The copy you return should hold only the lines from the top of the data below through the line with "layer by layer", each duplicated exactly and with no pictures.

§ **Given information**:
▼

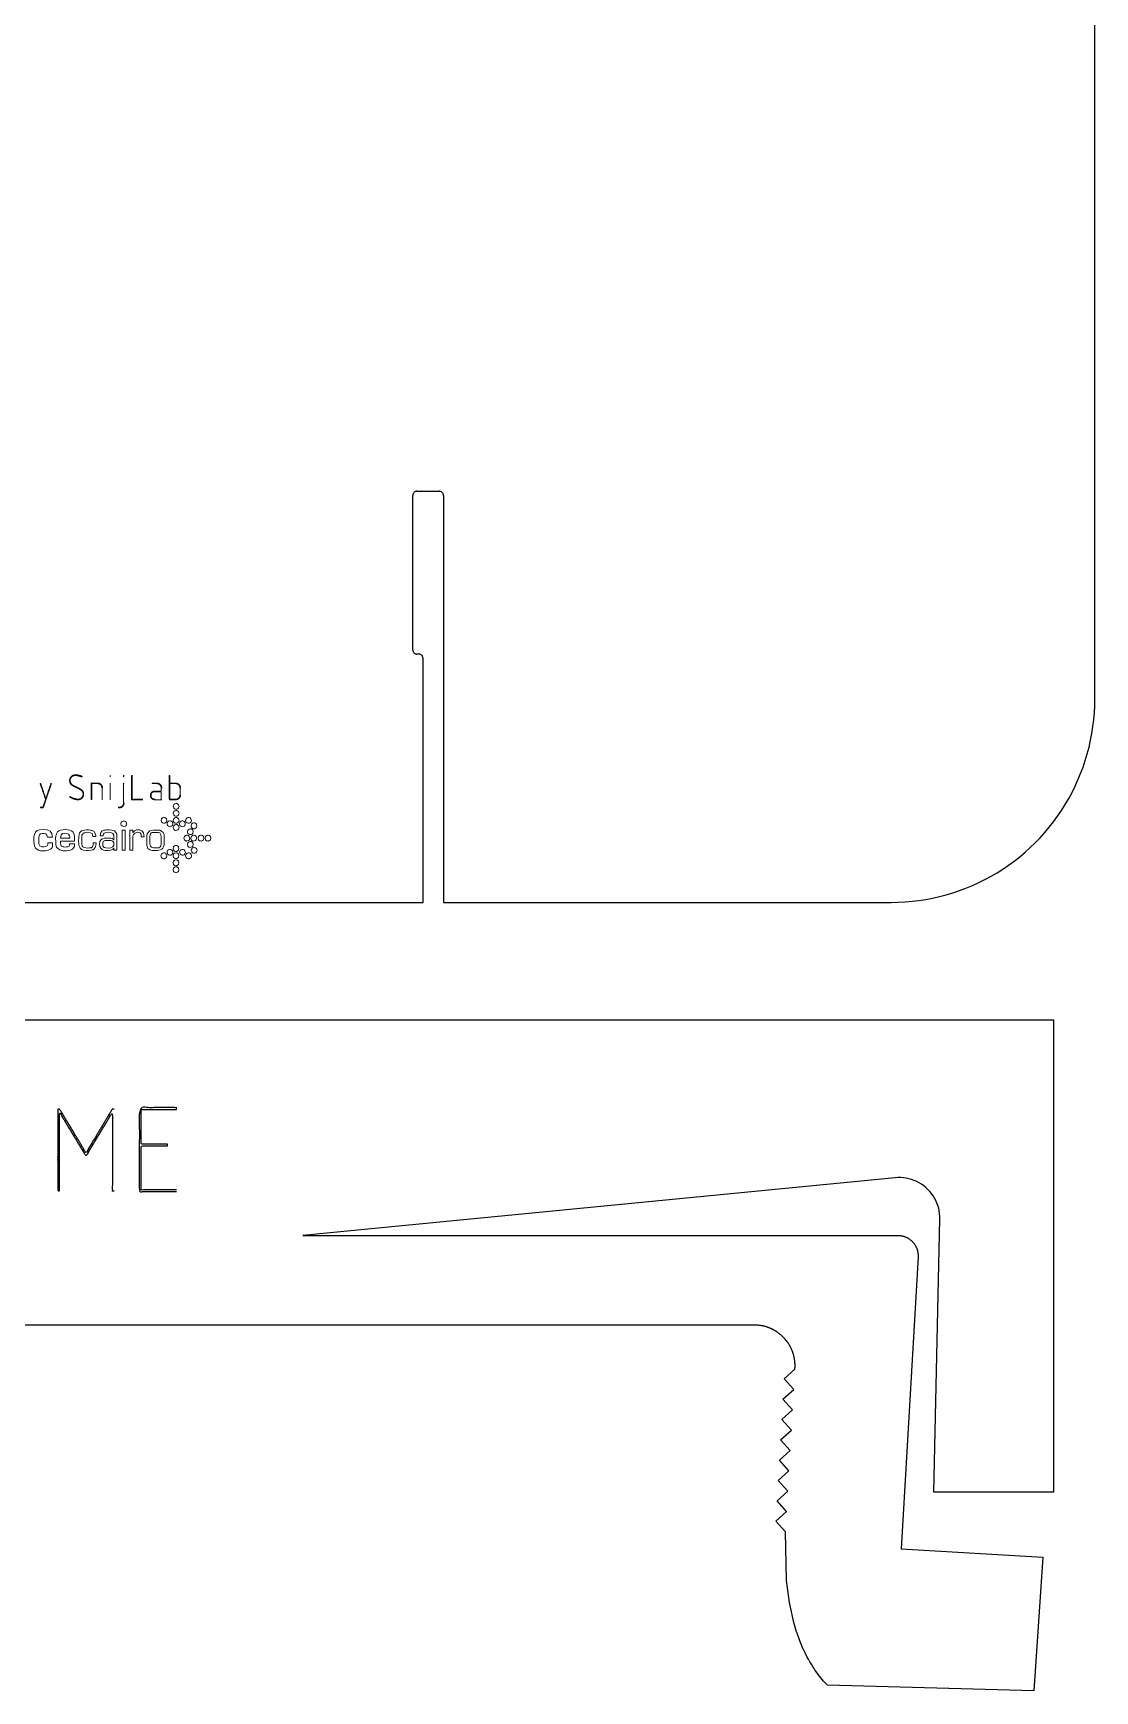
# Model space of a CAD drawing. Header units: millimetres. Extents: x -135 to -30, y -174 to 155.
# Drawn here: x -83 to -30.8, y -174.2 to -92.7 of the extents above; entities that cross this region are included whole.
import ezdxf

# ---------------------------------------------------------------- set-up
doc = ezdxf.new("R2010")
doc.units = ezdxf.units.MM
doc.header["$MEASUREMENT"] = 0
doc.layers.add('LAYER 03', color=5, linetype='Continuous')

msp = doc.modelspace()

# ---------------------------------------------------------------- linework, layer by layer
for p, q in [((-30.816, -125.411), (-30.816, -5.411)), ((-64.314, -115.383), (-64.316, -115.411)), ((-64.316, -123.011), (-64.316, -115.411)), ((-64.308, -115.355), (-64.314, -115.383)), ((-64.298, -115.328), (-64.308, -115.355)), ((-64.284, -115.303), (-64.298, -115.328)), ((-64.267, -115.28), (-64.284, -115.303)), ((-64.247, -115.26), (-64.267, -115.28)), ((-64.224, -115.243), (-64.247, -115.26)), ((-64.199, -115.229), (-64.224, -115.243)), ((-64.173, -115.219), (-64.199, -115.229)), ((-64.145, -115.213), (-64.173, -115.219)), ((-64.116, -115.211), (-64.145, -115.213)), ((-64.116, -115.211), (-63.016, -115.211)), ((-62.988, -115.213), (-63.016, -115.211)), ((-62.96, -115.219), (-62.988, -115.213)), ((-62.933, -115.229), (-62.96, -115.219)), ((-62.908, -115.243), (-62.933, -115.229)), ((-62.885, -115.26), (-62.908, -115.243)), ((-62.865, -115.28), (-62.885, -115.26)), ((-62.848, -115.303), (-62.865, -115.28)), ((-62.834, -115.328), (-62.848, -115.303)), ((-62.824, -115.355), (-62.834, -115.328)), ((-62.818, -115.383), (-62.824, -115.355)), ((-62.816, -115.411), (-62.818, -115.383)), ((-62.816, -115.411), (-62.816, -123.011)), ((-64.316, -123.011), (-64.314, -123.04)), ((-64.314, -123.04), (-64.308, -123.068)), ((-64.308, -123.068), (-64.298, -123.094)), ((-64.298, -123.094), (-64.284, -123.119)), ((-64.284, -123.119), (-64.267, -123.142)), ((-64.267, -123.142), (-64.247, -123.162)), ((-64.247, -123.162), (-64.224, -123.18)), ((-64.224, -123.18), (-64.199, -123.193)), ((-64.199, -123.193), (-64.173, -123.203)), ((-64.173, -123.203), (-64.145, -123.209)), ((-64.145, -123.209), (-64.116, -123.211)), ((-64.016, -123.211), (-64.116, -123.211)), ((-63.988, -123.213), (-64.016, -123.211)), ((-63.96, -123.219), (-63.988, -123.213)), ((-63.933, -123.229), (-63.96, -123.219)), ((-63.908, -123.243), (-63.933, -123.229)), ((-63.885, -123.26), (-63.908, -123.243)), ((-63.865, -123.28), (-63.885, -123.26)), ((-63.848, -123.303), (-63.865, -123.28)), ((-63.834, -123.328), (-63.848, -123.303)), ((-63.824, -123.355), (-63.834, -123.328)), ((-63.818, -123.383), (-63.824, -123.355)), ((-63.816, -123.411), (-63.818, -123.383)), ((-63.816, -135.411), (-63.816, -123.411)), ((-62.816, -123.011), (-62.816, -135.411)), ((-30.822, -125.753), (-30.816, -125.411)), ((-30.869, -126.434), (-30.839, -126.094)), ((-30.839, -126.094), (-30.822, -125.753)), ((-30.962, -127.11), (-30.909, -126.773)), ((-30.909, -126.773), (-30.869, -126.434)), ((-31.187, -128.109), (-31.1, -127.779)), ((-31.1, -127.779), (-31.025, -127.446)), ((-31.025, -127.446), (-30.962, -127.11)), ((-31.394, -128.76), (-31.285, -128.436)), ((-31.285, -128.436), (-31.187, -128.109)), ((-31.785, -129.706), (-31.644, -129.395)), ((-31.644, -129.395), (-31.513, -129.08)), ((-31.513, -129.08), (-31.394, -128.76)), ((-32.272, -130.607), (-32.1, -130.312)), ((-32.1, -130.312), (-31.937, -130.012)), ((-31.937, -130.012), (-31.785, -129.706)), ((-32.646, -131.178), (-32.454, -130.896)), ((-32.454, -130.896), (-32.272, -130.607)), ((-33.279, -131.983), (-33.059, -131.722)), ((-33.059, -131.722), (-32.848, -131.454)), ((-32.848, -131.454), (-32.646, -131.178)), ((-34.244, -132.948), (-33.991, -132.72)), ((-33.991, -132.72), (-33.745, -132.482)), ((-33.745, -132.482), (-33.508, -132.237)), ((-33.508, -132.237), (-33.279, -131.983)), ((-35.049, -133.581), (-34.774, -133.379)), ((-34.774, -133.379), (-34.505, -133.168)), ((-34.505, -133.168), (-34.244, -132.948)), ((-36.521, -134.442), (-36.216, -134.29)), ((-36.216, -134.29), (-35.915, -134.128)), ((-35.915, -134.128), (-35.62, -133.956)), ((-35.62, -133.956), (-35.332, -133.773)), ((-35.332, -133.773), (-35.049, -133.581)), ((-39.117, -135.266), (-38.782, -135.202)), ((-38.782, -135.202), (-38.449, -135.127)), ((-38.449, -135.127), (-38.118, -135.04)), ((-38.118, -135.04), (-37.791, -134.943)), ((-37.791, -134.943), (-37.467, -134.834)), ((-37.467, -134.834), (-37.148, -134.714)), ((-37.148, -134.714), (-36.832, -134.583)), ((-36.832, -134.583), (-36.521, -134.442)), ((-101.816, -135.411), (-63.816, -135.411)), ((-62.816, -135.411), (-40.816, -135.411)), ((-40.816, -135.411), (-40.475, -135.405)), ((-40.475, -135.405), (-40.134, -135.388)), ((-40.134, -135.388), (-39.794, -135.359)), ((-39.794, -135.359), (-39.454, -135.318)), ((-39.454, -135.318), (-39.117, -135.266)), ((-131.919, -141.178), (-82.379, -141.178)), ((-82.379, -141.178), (-32.839, -141.178)), ((-32.839, -141.178), (-32.839, -164.382)), ((-40.62, -148.939), (-69.726, -151.773)), ((-40.485, -148.931), (-40.62, -148.939)), ((-40.35, -148.931), (-40.485, -148.931)), ((-40.215, -148.941), (-40.35, -148.931)), ((-40.081, -148.96), (-40.215, -148.941)), ((-39.949, -148.988), (-40.081, -148.96)), ((-39.819, -149.024), (-39.949, -148.988)), ((-39.691, -149.07), (-39.819, -149.024)), ((-39.567, -149.124), (-39.691, -149.07)), ((-39.447, -149.186), (-39.567, -149.124)), ((-39.332, -149.256), (-39.447, -149.186)), ((-39.221, -149.334), (-39.332, -149.256)), ((-39.116, -149.419), (-39.221, -149.334)), ((-39.017, -149.511), (-39.116, -149.419)), ((-38.924, -149.609), (-39.017, -149.511)), ((-38.838, -149.714), (-38.924, -149.609)), ((-38.76, -149.824), (-38.838, -149.714)), ((-38.689, -149.939), (-38.76, -149.824)), ((-38.626, -150.058), (-38.689, -149.939)), ((-38.571, -150.182), (-38.626, -150.058)), ((-38.525, -150.309), (-38.571, -150.182)), ((-38.487, -150.439), (-38.525, -150.309)), ((-38.459, -150.571), (-38.487, -150.439)), ((-38.439, -150.705), (-38.459, -150.571)), ((-38.729, -164.382), (-38.427, -150.975)), ((-38.428, -150.84), (-38.439, -150.705)), ((-38.427, -150.975), (-38.428, -150.84)), ((-69.726, -151.773), (-42.497, -151.773)), ((-42.497, -151.773), (-40.497, -151.773)), ((-40.497, -151.773), (-40.46, -151.774)), ((-40.46, -151.774), (-40.422, -151.776)), ((-40.422, -151.776), (-40.384, -151.779)), ((-40.384, -151.779), (-40.347, -151.784)), ((-40.347, -151.784), (-40.322, -151.789)), ((-40.322, -151.789), (-40.297, -151.793)), ((-40.297, -151.793), (-40.272, -151.799)), ((-40.272, -151.799), (-40.247, -151.805)), ((-40.247, -151.805), (-40.222, -151.812)), ((-40.222, -151.812), (-40.197, -151.819)), ((-40.197, -151.819), (-40.173, -151.827)), ((-40.173, -151.827), (-40.149, -151.836)), ((-40.149, -151.836), (-40.125, -151.845)), ((-40.125, -151.845), (-40.101, -151.855)), ((-40.101, -151.855), (-40.077, -151.865)), ((-40.077, -151.865), (-40.054, -151.877)), ((-40.054, -151.877), (-40.031, -151.888)), ((-40.031, -151.888), (-40.008, -151.901)), ((-40.008, -151.901), (-39.986, -151.913)), ((-39.986, -151.913), (-39.964, -151.927)), ((-39.964, -151.927), (-39.943, -151.941)), ((-39.943, -151.941), (-39.921, -151.955)), ((-39.921, -151.955), (-39.901, -151.97)), ((-39.901, -151.97), (-39.881, -151.986)), ((-39.881, -151.986), (-39.851, -152.01)), ((-39.851, -152.01), (-39.823, -152.035)), ((-39.823, -152.035), (-39.795, -152.06)), ((-39.795, -152.06), (-39.769, -152.087)), ((-39.769, -152.087), (-39.744, -152.115)), ((-39.744, -152.115), (-39.72, -152.143)), ((-39.72, -152.143), (-39.697, -152.173)), ((-39.697, -152.173), (-39.675, -152.204)), ((-39.675, -152.204), (-39.66, -152.225)), ((-39.66, -152.225), (-39.647, -152.246)), ((-39.647, -152.246), (-39.634, -152.268)), ((-39.634, -152.268), (-39.621, -152.291)), ((-39.621, -152.291), (-39.609, -152.313)), ((-39.499, -152.831), (-40.336, -167.175)), ((-39.609, -152.313), (-39.597, -152.336)), ((-39.597, -152.336), (-39.586, -152.36)), ((-39.586, -152.36), (-39.576, -152.383)), ((-39.576, -152.383), (-39.566, -152.407)), ((-39.566, -152.407), (-39.557, -152.431)), ((-39.557, -152.431), (-39.549, -152.456)), ((-39.549, -152.456), (-39.541, -152.48)), ((-39.541, -152.48), (-39.533, -152.505)), ((-39.533, -152.505), (-39.527, -152.53)), ((-39.527, -152.53), (-39.521, -152.555)), ((-39.521, -152.555), (-39.516, -152.58)), ((-39.516, -152.58), (-39.511, -152.605)), ((-39.511, -152.605), (-39.507, -152.63)), ((-39.507, -152.63), (-39.504, -152.656)), ((-39.504, -152.656), (-39.501, -152.681)), ((-39.501, -152.681), (-39.498, -152.719)), ((-39.497, -152.794), (-39.499, -152.831)), ((-39.498, -152.719), (-39.497, -152.757)), ((-39.497, -152.757), (-39.497, -152.794)), ((-82.379, -156.178), (-95.032, -156.178)), ((-69.726, -156.178), (-82.379, -156.178)), ((-47.793, -156.178), (-69.726, -156.178)), ((-47.543, -156.178), (-47.793, -156.178)), ((-47.493, -156.179), (-47.543, -156.178)), ((-47.443, -156.18), (-47.493, -156.179)), ((-47.393, -156.184), (-47.443, -156.18)), ((-47.343, -156.188), (-47.393, -156.184)), ((-47.293, -156.194), (-47.343, -156.188)), ((-47.243, -156.201), (-47.293, -156.194)), ((-47.218, -156.205), (-47.243, -156.201)), ((-47.193, -156.209), (-47.218, -156.205)), ((-47.167, -156.213), (-47.193, -156.209)), ((-47.142, -156.218), (-47.167, -156.213)), ((-47.117, -156.224), (-47.142, -156.218)), ((-47.092, -156.229), (-47.117, -156.224)), ((-47.068, -156.235), (-47.092, -156.229)), ((-47.043, -156.241), (-47.068, -156.235)), ((-47.018, -156.248), (-47.043, -156.241)), ((-46.993, -156.255), (-47.018, -156.248)), ((-46.968, -156.262), (-46.993, -156.255)), ((-46.944, -156.27), (-46.968, -156.262)), ((-46.919, -156.278), (-46.944, -156.27)), ((-46.895, -156.286), (-46.919, -156.278)), ((-46.871, -156.294), (-46.895, -156.286)), ((-46.846, -156.303), (-46.871, -156.294)), ((-46.822, -156.312), (-46.846, -156.303)), ((-46.798, -156.322), (-46.822, -156.312)), ((-46.774, -156.331), (-46.798, -156.322)), ((-46.75, -156.342), (-46.774, -156.331)), ((-46.727, -156.352), (-46.75, -156.342)), ((-46.703, -156.363), (-46.727, -156.352)), ((-46.68, -156.374), (-46.703, -156.363)), ((-46.657, -156.385), (-46.68, -156.374)), ((-46.634, -156.396), (-46.657, -156.385)), ((-46.611, -156.408), (-46.634, -156.396)), ((-46.588, -156.42), (-46.611, -156.408)), ((-46.566, -156.433), (-46.588, -156.42)), ((-46.543, -156.446), (-46.566, -156.433)), ((-46.521, -156.459), (-46.543, -156.446)), ((-46.499, -156.472), (-46.521, -156.459)), ((-46.477, -156.485), (-46.499, -156.472)), ((-46.456, -156.499), (-46.477, -156.485)), ((-46.434, -156.513), (-46.456, -156.499)), ((-46.413, -156.528), (-46.434, -156.513)), ((-46.392, -156.542), (-46.413, -156.528)), ((-46.371, -156.557), (-46.392, -156.542)), ((-46.351, -156.572), (-46.371, -156.557)), ((-46.33, -156.587), (-46.351, -156.572)), ((-46.31, -156.603), (-46.33, -156.587)), ((-46.271, -156.635), (-46.31, -156.603)), ((-46.232, -156.667), (-46.271, -156.635)), ((-46.195, -156.701), (-46.232, -156.667)), ((-46.158, -156.735), (-46.195, -156.701)), ((-46.122, -156.77), (-46.158, -156.735)), ((-46.088, -156.806), (-46.122, -156.77)), ((-46.054, -156.842), (-46.088, -156.806)), ((-46.021, -156.88), (-46.054, -156.842)), ((-45.989, -156.918), (-46.021, -156.88)), ((-45.958, -156.958), (-45.989, -156.918)), ((-45.928, -156.998), (-45.958, -156.958)), ((-45.898, -157.039), (-45.928, -156.998)), ((-45.884, -157.06), (-45.898, -157.039)), ((-45.87, -157.082), (-45.884, -157.06)), ((-45.856, -157.103), (-45.87, -157.082)), ((-45.843, -157.125), (-45.856, -157.103)), ((-45.829, -157.146), (-45.843, -157.125)), ((-45.816, -157.168), (-45.829, -157.146)), ((-45.803, -157.191), (-45.816, -157.168)), ((-45.791, -157.213), (-45.803, -157.191)), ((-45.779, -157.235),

▲

§ **Written response**:
# Model space of a CAD drawing. Header units: millimetres. Extents: x -135 to -30, y -174 to 155.
# Drawn here: x -83 to -30.8, y -174.2 to -92.7 of the extents above; entities that cross this region are included whole.
import ezdxf

# ---------------------------------------------------------------- set-up
doc = ezdxf.new("R2010")
doc.units = ezdxf.units.MM
doc.header["$MEASUREMENT"] = 0
doc.layers.add('LAYER 03', color=5, linetype='Continuous')

msp = doc.modelspace()

# ---------------------------------------------------------------- linework, layer by layer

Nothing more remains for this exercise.